Looked like a pond when ya'll headed out.....glad ya'll caught a cooler full!!!!:letsdrink


----------



## ShurKetch (Oct 2, 2007)

I just looked over the pictures on the post again this morning and started thinking about how difficult it is now to catch a Trigger 14 inches from the fork. Fortunately, it seems like they are producing well and their numbers must be increasing. We were catching two at a time and when I saw Skip catch one on a butterfly jig it surprised me. Can't remember catching one on a jig that large. What was that Trigger thinking!!!!!!! Looks like we are going to have a great summer season if the Government will stay out of it. Keep the faith! Ed


----------



## chasintales (Sep 29, 2007)

Thanks for the post... Great catch. I agree with you that this summer should produce more triggers in the box. Last year, it was hard to get keepers. What size hooks are you using on the triggers? I went to the smallest circle I could find.

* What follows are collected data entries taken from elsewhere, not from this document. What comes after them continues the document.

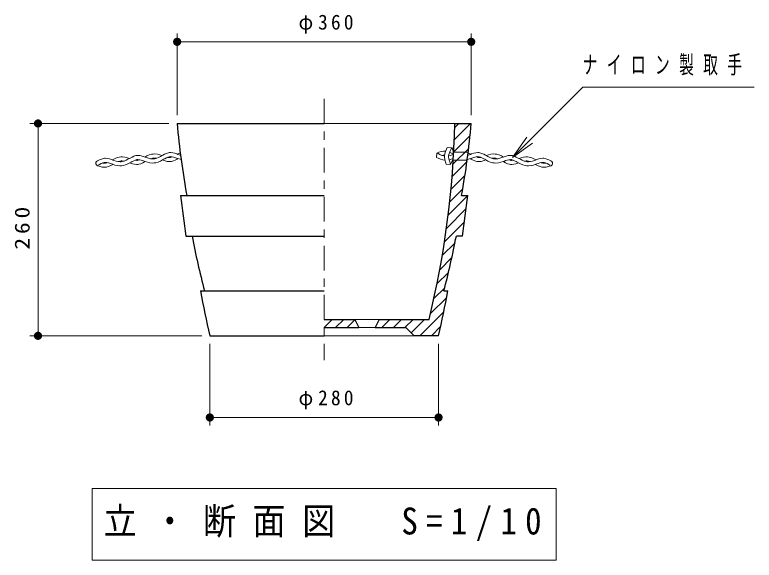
# Model space of a CAD drawing. Units: millimetres on the paper. Extents: x -365 to 12, y -47 to 257.
# Drawn here: x -280 to -189.5, y 63.1 to 129.9 of the extents above; entities that cross this region are included whole.
import ezdxf

# ---------------------------------------------------------------- set-up
doc = ezdxf.new("R2010")
doc.units = ezdxf.units.MM
doc.linetypes.add('USER2', pattern=[6, 3, -1, 1, -1])
doc.layers.add('LY_1', color=7, linetype='Continuous', lineweight=13)
doc.styles.add('ＭＳ ゴシック', font='')
doc.styles.get('ＭＳ ゴシック').set_extended_font_data('MS Gothic')

# ---------------------------------------------------------------- blocks, each defined once
blk = doc.blocks.new('filled_dot')
at = {"color": 0, "linetype": 'Continuous', "lineweight": -2, "const_width": 1.25}
blk.add_lwpolyline([(-0.625, 0, 1), (0.625, 0, 1)], format="xyb", close=True, dxfattribs=at)

msp = doc.modelspace()

# ---------------------------------------------------------------- linework, layer by layer
at = {"layer": 'LY_1'}
for p, q in [((-260.148, 117.586), (-260.148, 127.586)), ((-224.148, 117.586), (-224.148, 127.586)), ((-260.148, 126.586), (-224.148, 126.586)), ((-261.148, 116.586), (-278.184, 116.586)), ((-277.184, 90.586), (-277.184, 116.586)), ((-242.148, 116.586), (-226.148, 116.586)), ((-226.211, 114.615), (-224.239, 116.586)), ((-226.161, 116.079), (-225.653, 116.586)), ((-226.281, 113.13), (-224.284, 115.127)), ((-219.107, 112.422), (-217.339, 114.897)), ((-219.107, 112.422), (-216.985, 114.543)), ((-216.632, 114.189), (-219.107, 112.422)), ((-228.133, 113.084), (-227.84, 113.157)), ((-227.84, 113.157), (-227.531, 113.194)), ((-227.531, 113.194), (-227.326, 113.19)), ((-227.296, 113.174), (-227.381, 112.875)), ((-227.326, 113.19), (-227.294, 113.186)), ((-227.177, 113.453), (-227.296, 113.174)), ((-227.076, 113.649), (-227.177, 113.453)), ((-227.076, 113.649), (-226.532, 113.607)), ((-226.724, 113.241), (-226.823, 113.007)), ((-226.605, 113.472), (-226.724, 113.241)), ((-226.532, 113.607), (-226.605, 113.472)), ((-226.532, 113.607), (-226.418, 113.393)), ((-226.418, 113.393), (-226.345, 113.099)), ((-226.372, 111.625), (-224.458, 113.539)), ((-269.422, 112.233), (-269.186, 112.302)), ((-269.186, 112.302), (-269.048, 112.323)), ((-269.048, 112.323), (-268.909, 112.326)), ((-268.909, 112.326), (-268.665, 112.299)), ((-268.665, 112.299), (-268.418, 112.24)), ((-268.08, 112.13), (-267.834, 112.258)), ((-267.834, 112.258), (-267.557, 112.379)), ((-267.557, 112.379), (-267.258, 112.467)), ((-267.258, 112.467), (-267.056, 112.497)), ((-267.056, 112.497), (-266.852, 112.503)), ((-266.852, 112.503), (-266.542, 112.468)), ((-266.542, 112.468), (-266.248, 112.397)), ((-266.248, 112.397), (-265.984, 112.313)), ((-266.167, 112.211), (-266.033, 112.285)), ((-266.033, 112.285), (-265.9, 112.359)), ((-265.9, 112.359), (-265.669, 112.48)), ((-265.669, 112.48), (-265.437, 112.582)), ((-265.437, 112.582), (-265.202, 112.651)), ((-265.202, 112.651), (-265.063, 112.671)), ((-265.063, 112.671), (-264.924, 112.675)), ((-264.924, 112.675), (-264.68, 112.648)), ((-264.68, 112.648), (-264.434, 112.588)), ((-264.434, 112.588), (-264.185, 112.509)), ((-264.185, 112.509), (-264.041, 112.459)), ((-264.095, 112.478), (-263.849, 112.607)), ((-264.041, 112.459), (-263.897, 112.41)), ((-263.897, 112.41), (-263.649, 112.331)), ((-263.849, 112.607), (-263.572, 112.728)), ((-263.649, 112.331), (-263.402, 112.271)), ((-263.572, 112.728), (-263.273, 112.816)), ((-263.402, 112.271), (-263.158, 112.244)), ((-263.366, 112.267), (-263.166, 112.326)), ((-263.273, 112.816), (-263.071, 112.845)), ((-263.166, 112.326), (-263.027, 112.347)), ((-263.071, 112.845), (-262.867, 112.851)), ((-263.027, 112.347), (-262.888, 112.35)), ((-263.019, 112.248), (-262.881, 112.268)), ((-262.888, 112.35), (-262.68, 112.327)), ((-262.881, 112.268), (-262.645, 112.337)), ((-262.867, 112.851), (-262.557, 112.817)), ((-262.645, 112.337), (-262.413, 112.439)), ((-262.557, 112.817), (-262.263, 112.746)), ((-262.413, 112.439), (-262.182, 112.56)), ((-262.263, 112.746), (-261.999, 112.662)), ((-262.182, 112.56), (-262.049, 112.634)), ((-262.049, 112.634), (-261.915, 112.708)), ((-261.915, 112.708), (-261.685, 112.829)), ((-261.806, 112.197), (-261.677, 112.268)), ((-261.685, 112.829), (-261.452, 112.93)), ((-261.677, 112.268), (-261.468, 112.378)), ((-261.468, 112.378), (-261.281, 112.459)), ((-261.452, 112.93), (-261.217, 112.999)), ((-261.309, 112.447), (-261.279, 112.44)), ((-261.281, 112.459), (-261.109, 112.51)), ((-261.279, 112.44), (-261.101, 112.42)), ((-261.217, 112.999), (-261.079, 113.02)), ((-261.109, 112.51), (-261.035, 112.521)), ((-261.101, 112.42), (-261.026, 112.422)), ((-261.079, 113.02), (-260.939, 113.024)), ((-261.035, 112.521), (-260.96, 112.523)), ((-261.026, 112.422), (-260.952, 112.433)), ((-260.96, 112.523), (-260.782, 112.503)), ((-260.952, 112.433), (-260.78, 112.484)), ((-260.939, 113.024), (-260.695, 112.996)), ((-260.782, 112.503), (-260.583, 112.455)), ((-260.78, 112.484), (-260.752, 112.496)), ((-260.695, 112.996), (-260.449, 112.937)), ((-260.583, 112.455), (-260.359, 112.384)), ((-260.449, 112.937), (-260.201, 112.858)), ((-260.359, 112.384), (-260.22, 112.336)), ((-260.22, 112.336), (-260.07, 112.284)), ((-260.201, 112.858), (-260.056, 112.808)), ((-260.146, 112.235), (-260.067, 112.279)), ((-260.11, 112.827), (-259.865, 112.956)), ((-260.07, 112.284), (-259.798, 112.197)), ((-260.056, 112.808), (-259.912, 112.758)), ((-259.912, 112.758), (-259.736, 112.702)), ((-259.865, 112.956), (-259.773, 112.995)), ((-228.39, 112.426), (-228.347, 112.97)), ((-228.39, 112.426), (-228.193, 112.325)), ((-228.347, 112.97), (-228.133, 113.084)), ((-228.347, 112.97), (-228.213, 112.897)), ((-228.213, 112.897), (-227.981, 112.778)), ((-228.193, 112.325), (-227.914, 112.206)), ((-227.981, 112.778), (-227.748, 112.679)), ((-227.748, 112.679), (-227.512, 112.612)), ((-227.741, 112.677), (-227.564, 112.698)), ((-227.564, 112.698), (-227.406, 112.695)), ((-227.512, 112.612), (-227.41, 112.597)), ((-227.409, 112.672), (-227.413, 112.468)), ((-227.413, 112.468), (-227.375, 112.159)), ((-227.381, 112.875), (-227.409, 112.672)), ((-226.909, 112.633), (-226.912, 112.494)), ((-226.912, 112.494), (-226.883, 112.25)), ((-226.911, 112.639), (-226.744, 112.68)), ((-226.89, 112.771), (-226.909, 112.633)), ((-226.823, 113.007), (-226.89, 112.771)), ((-226.798, 113.066), (-226.546, 112.959)), ((-226.744, 112.68), (-226.497, 112.762)), ((-226.606, 112.2), (-226.336, 112.288)), ((-226.546, 112.959), (-226.299, 112.832)), ((-226.497, 112.762), (-226.299, 112.832)), ((-226.37, 112.277), (-226.425, 112.084)), ((-226.345, 113.099), (-226.313, 112.839)), ((-226.283, 113.086), (-224.513, 113.086)), ((-224.385, 112.758), (-224.561, 112.702)), ((-224.432, 112.956), (-224.524, 112.995)), ((-224.227, 112.284), (-224.498, 112.197)), ((-224.186, 112.827), (-224.432, 112.956)), ((-224.24, 112.808), (-224.385, 112.758)), ((-224.096, 112.858), (-224.24, 112.808)), ((-224.15, 112.235), (-224.229, 112.279)), ((-224.077, 112.336), (-224.227, 112.284)), ((-223.848, 112.937), (-224.096, 112.858)), ((-223.938, 112.384), (-224.077, 112.336)), ((-223.713, 112.455), (-223.938, 112.384)), ((-223.601, 112.996), (-223.848, 112.937)), ((-223.515, 112.503), (-223.713, 112.455)), ((-223.358, 113.024), (-223.601, 112.996)), ((-223.516, 112.484), (-223.544, 112.496)), ((-223.344, 112.433), (-223.516, 112.484)), ((-223.337, 112.523), (-223.515, 112.503)), ((-223.218, 113.02), (-223.358, 113.024)), ((-223.27, 112.422), (-223.344, 112.433)), ((-223.262, 112.521), (-223.337, 112.523)), ((-223.195, 112.42), (-223.27, 112.422)), ((-223.187, 112.51), (-223.262, 112.521)), ((-223.08, 112.999), (-223.218, 113.02)), ((-223.017, 112.44), (-223.195, 112.42)), ((-223.016, 112.459), (-223.187, 112.51)), ((-222.845, 112.93), (-223.08, 112.999)), ((-222.987, 112.447), (-223.017, 112.44)), ((-222.828, 112.378), (-223.016, 112.459)), ((-222.612, 112.829), (-222.845, 112.93)), ((-222.619, 112.268), (-222.828, 112.378)), ((-222.491, 112.197), (-222.619, 112.268)), ((-222.381, 112.708), (-222.612, 112.829)), ((-222.248, 112.634), (-222.381, 112.708)), ((-222.034, 112.746), (-222.298, 112.662)), ((-222.114, 112.56), (-222.248, 112.634)), ((-221.884, 112.439), (-222.114, 112.56)), ((-221.739, 112.817), (-222.034, 112.746)), ((-221.651, 112.337), (-221.884, 112.439)), ((-221.43, 112.851), (-221.739, 112.817)), ((-221.416, 112.268), (-221.651, 112.337)), ((-221.409, 112.35), (-221.617, 112.327)), ((-221.226, 112.845), (-221.43, 112.851)), ((-221.278, 112.248), (-221.416, 112.268)), ((-221.269, 112.347), (-221.409, 112.35)), ((-221.131, 112.326), (-221.269, 112.347)), ((-221.023, 112.816), (-221.226, 112.845)), ((-220.895, 112.271), (-221.138, 112.244)), ((-220.931, 112.267), (-221.131, 112.326)), ((-220.725, 112.728), (-221.023, 112.816)), ((-220.648, 112.331), (-220.895, 112.271)), ((-220.447, 112.607), (-220.725, 112.728)), ((-220.4, 112.41), (-220.648, 112.331)), ((-220.202, 112.478), (-220.447, 112.607)), ((-220.256, 112.459), (-220.4, 112.41)), ((-220.111, 112.509), (-220.256, 112.459)), ((-219.863, 112.588), (-220.111, 112.509)), ((-219.616, 112.648), (-219.863, 112.588)), ((-219.373, 112.675), (-219.616, 112.648)), ((-219.233, 112.671), (-219.373, 112.675)), ((-219.095, 112.651), (-219.233, 112.671)), ((-218.86, 112.582), (-219.095, 112.651)), ((-218.627, 112.48), (-218.86, 112.582)), ((-218.397, 112.359), (-218.627, 112.48)), ((-218.263, 112.285), (-218.397, 112.359)), ((-218.049, 112.397), (-218.313, 112.313)), ((-218.13, 112.211), (-218.263, 112.285)), ((-217.754, 112.468), (-218.049, 112.397)), ((-217.445, 112.503), (-217.754, 112.468)), ((-217.241, 112.497), (-217.445, 112.503)), ((-217.039, 112.467), (-217.241, 112.497)), ((-216.74, 112.379), (-217.039, 112.467)), ((-216.462, 112.258), (-216.74, 112.379)), ((-216.217, 112.13), (-216.462, 112.258)), ((-215.632, 112.299), (-215.878, 112.24)), ((-215.388, 112.326), (-215.632, 112.299)), ((-215.248, 112.323), (-215.388, 112.326)), ((-215.11, 112.302), (-215.248, 112.323)), ((-214.875, 112.233), (-215.11, 112.302)), ((-270.018, 111.937), (-269.885, 112.011)), ((-269.921, 111.419), (-269.83, 111.388)), ((-269.885, 112.011), (-269.654, 112.132)), ((-269.83, 111.388), (-269.582, 111.309)), ((-269.775, 111.5), (-269.647, 111.571)), ((-269.654, 112.132), (-269.422, 112.233)), ((-269.647, 111.571), (-269.438, 111.681)), ((-269.438, 111.681), (-269.251, 111.762)), ((-269.278, 111.75), (-269.249, 111.743)), ((-269.251, 111.762), (-269.079, 111.813)), ((-269.249, 111.743), (-269.071, 111.723)), ((-269.079, 111.813), (-269.005, 111.824)), ((-269.071, 111.723), (-268.996, 111.725)), ((-269.005, 111.824), (-268.93, 111.826)), ((-268.996, 111.725), (-268.922, 111.736)), ((-268.93, 111.826), (-268.752, 111.806)), ((-268.922, 111.736), (-268.75, 111.786)), ((-268.752, 111.806), (-268.553, 111.758)), ((-268.75, 111.786), (-268.722, 111.799)), ((-268.579, 111.315), (-268.346, 111.417)), ((-268.553, 111.758), (-268.328, 111.686)), ((-268.418, 112.24), (-268.17, 112.161)), ((-268.346, 111.417), (-268.116, 111.538)), ((-268.328, 111.686), (-268.189, 111.638)), ((-268.189, 111.638), (-268.039, 111.586)), ((-268.17, 112.161), (-268.026, 112.111)), ((-268.116, 111.538), (-268.037, 111.582)), ((-268.039, 111.586), (-267.768, 111.5)), ((-268.026, 112.111), (-267.882, 112.061)), ((-267.882, 112.061), (-267.633, 111.982)), ((-267.768, 111.5), (-267.473, 111.429)), ((-267.633, 111.982), (-267.387, 111.923)), ((-267.473, 111.429), (-267.164, 111.395)), ((-267.387, 111.923), (-267.143, 111.895)), ((-267.351, 111.919), (-267.15, 111.977)), ((-267.164, 111.395), (-266.96, 111.4)), ((-267.15, 111.977), (-267.012, 111.998)), ((-267.143, 111.895), (-267.004, 111.899)), ((-267.012, 111.998), (-266.873, 112.002)), ((-267.004, 111.899), (-266.865, 111.92)), ((-266.96, 111.4), (-266.758, 111.43)), ((-266.873, 112.002), (-266.665, 111.979)), ((-266.865, 111.92), (-266.63, 111.989)), ((-266.758, 111.43), (-266.459, 111.518)), ((-266.63, 111.989), (-266.398, 112.09)), ((-266.459, 111.518), (-266.182, 111.639)), ((-266.398, 112.09), (-266.167, 112.211)), ((-266.182, 111.639), (-265.929, 111.771)), ((-265.936, 111.768), (-265.846, 111.736)), ((-265.929, 111.771), (-265.79, 111.848)), ((-265.846, 111.736), (-265.597, 111.657)), ((-265.79, 111.848), (-265.662, 111.92)), ((-265.662, 111.92), (-265.453, 112.029)), ((-265.597, 111.657), (-265.351, 111.598)), ((-265.453, 112.029), (-265.266, 112.111)), ((-265.351, 111.598), (-265.107, 111.571)), ((-265.294, 112.098), (-265.264, 112.091)), ((-265.266, 112.111), (-265.094, 112.161)), ((-265.264, 112.091), (-265.086, 112.071)), ((-265.107, 111.571), (-264.967, 111.574)), ((-265.094, 112.161), (-265.02, 112.172)), ((-265.086, 112.071), (-265.011, 112.073)), ((-265.02, 112.172), (-264.945, 112.174)), ((-265.011, 112.073), (-264.937, 112.084)), ((-264.967, 111.574), (-264.829, 111.595)), ((-264.945, 112.174), (-264.767, 112.154)), ((-264.937, 112.084), (-264.765, 112.135)), ((-264.829, 111.595), (-264.594, 111.664)), ((-264.767, 112.154), (-264.568, 112.107)), ((-264.765, 112.135), (-264.737, 112.147)), ((-264.594, 111.664), (-264.362, 111.765)), ((-264.568, 112.107), (-264.343, 112.035)), ((-264.362, 111.765), (-264.131, 111.886)), ((-264.343, 112.035), (-264.205, 111.987)), ((-264.205, 111.987), (-264.055, 111.935)), ((-264.131, 111.886), (-264.047, 111.933)), ((-264.055, 111.935), (-263.783, 111.849)), ((-263.783, 111.849), (-263.489, 111.778)), ((-263.489, 111.778), (-263.179, 111.743)), ((-263.179, 111.743), (-262.975, 111.749)), ((-263.158, 112.244), (-263.019, 112.248)), ((-262.975, 111.749), (-262.773, 111.779)), ((-262.773, 111.779), (-262.474, 111.866)), ((-262.474, 111.866), (-262.197, 111.987)), ((-262.197, 111.987), (-261.944, 112.12)), ((-261.951, 112.116), (-261.861, 112.085)), ((-261.944, 112.12), (-261.806, 112.197)), ((-261.861, 112.085), (-261.613, 112.006)), ((-261.613, 112.006), (-261.366, 111.946)), ((-261.366, 111.946), (-261.122, 111.919)), ((-261.122, 111.919), (-260.983, 111.923)), ((-260.983, 111.923), (-260.845, 111.944)), ((-260.845, 111.944), (-260.609, 112.013)), ((-260.609, 112.013), (-260.377, 112.114)), ((-260.377, 112.114), (-260.146, 112.235)), ((-259.798, 112.197), (-259.666, 112.165)), ((-227.914, 112.206), (-227.615, 112.121)), ((-227.615, 112.121), (-227.413, 112.093)), ((-227.413, 112.093), (-227.359, 112.092)), ((-227.375, 112.159), (-227.302, 111.865)), ((-227.302, 111.865), (-227.213, 111.595)), ((-227.213, 111.595), (-226.67, 111.552)), ((-226.883, 112.25), (-226.821, 112.004)), ((-226.855, 112.138), (-226.606, 112.2)), ((-226.821, 112.004), (-226.74, 111.757)), ((-226.74, 111.757), (-226.67, 111.552)), ((-226.543, 111.806), (-226.67, 111.552)), ((-226.425, 112.084), (-226.543, 111.806)), ((-226.485, 110.098), (-224.664, 111.918)), ((-226.342, 112.086), (-224.642, 112.086)), ((-224.498, 112.197), (-224.631, 112.165)), ((-223.92, 112.114), (-224.15, 112.235)), ((-223.687, 112.013), (-223.92, 112.114)), ((-223.452, 111.944), (-223.687, 112.013)), ((-223.314, 111.923), (-223.452, 111.944)), ((-223.174, 111.919), (-223.314, 111.923)), ((-222.931, 111.946), (-223.174, 111.919)), ((-222.684, 112.006), (-222.931, 111.946)), ((-222.436, 112.085), (-222.684, 112.006)), ((-222.352, 112.12), (-222.491, 112.197)), ((-222.346, 112.116), (-222.436, 112.085)), ((-222.1, 111.987), (-222.352, 112.12)), ((-221.822, 111.866), (-222.1, 111.987)), ((-221.524, 111.779), (-221.822, 111.866)), ((-221.322, 111.749), (-221.524, 111.779)), ((-221.117, 111.743), (-221.322, 111.749)), ((-221.138, 112.244), (-221.278, 112.248)), ((-220.808, 111.778), (-221.117, 111.743)), ((-220.514, 111.849), (-220.808, 111.778)), ((-220.242, 111.935), (-220.514, 111.849)), ((-220.166, 111.886), (-220.249, 111.933)), ((-220.092, 111.987), (-220.242, 111.935)), ((-219.935, 111.765), (-220.166, 111.886)), ((-219.953, 112.035), (-220.092, 111.987)), ((-219.728, 112.107), (-219.953, 112.035)), ((-219.703, 111.664), (-219.935, 111.765)), ((-219.53, 112.154), (-219.728, 112.107)), ((-219.467, 111.595), (-219.703, 111.664)), ((-219.532, 112.135), (-219.56, 112.147)), ((-219.36, 112.084), (-219.532, 112.135)), ((-219.352, 112.174), (-219.53, 112.154)), ((-219.329, 111.574), (-219.467, 111.595)), ((-219.285, 112.073), (-219.36, 112.084)), ((-219.277, 112.172), (-219.352, 112.174)), ((-219.19, 111.571), (-219.329, 111.574)), ((-219.21, 112.071), (-219.285, 112.073)), ((-219.203, 112.161), (-219.277, 112.172)), ((-219.032, 112.091), (-219.21, 112.071)), ((-219.031, 112.111), (-219.203, 112.161)), ((-218.946, 111.598), (-219.19, 111.571)), ((-219.003, 112.098), (-219.032, 112.091)), ((-218.843, 112.029), (-219.031, 112.111)), ((-218.699, 111.657), (-218.946, 111.598)), ((-218.634, 111.92), (-218.843, 112.029)), ((-218.451, 111.736), (-218.699, 111.657)), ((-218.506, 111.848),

Again, great catch. I hope to get my boat wet this week.:clap:clap

CHris


----------



## ShurKetch (Oct 2, 2007)

We were using from 2/0 to 4/0 circle hooks with cut bait. We had squid, but they are experts at getting bait off without letting you know they are there, so we started using cut bait and started catching them two at a time. Unfortunately, only three were keepers. We weren't very far out on some rock bottom. It was amazing that we were catching 20+ inch Snapper on the same rigs, along with some small AJ's. Fish seem to be very hungry. We'll probably hit the edge next week and see if the Mingo have returned!!


----------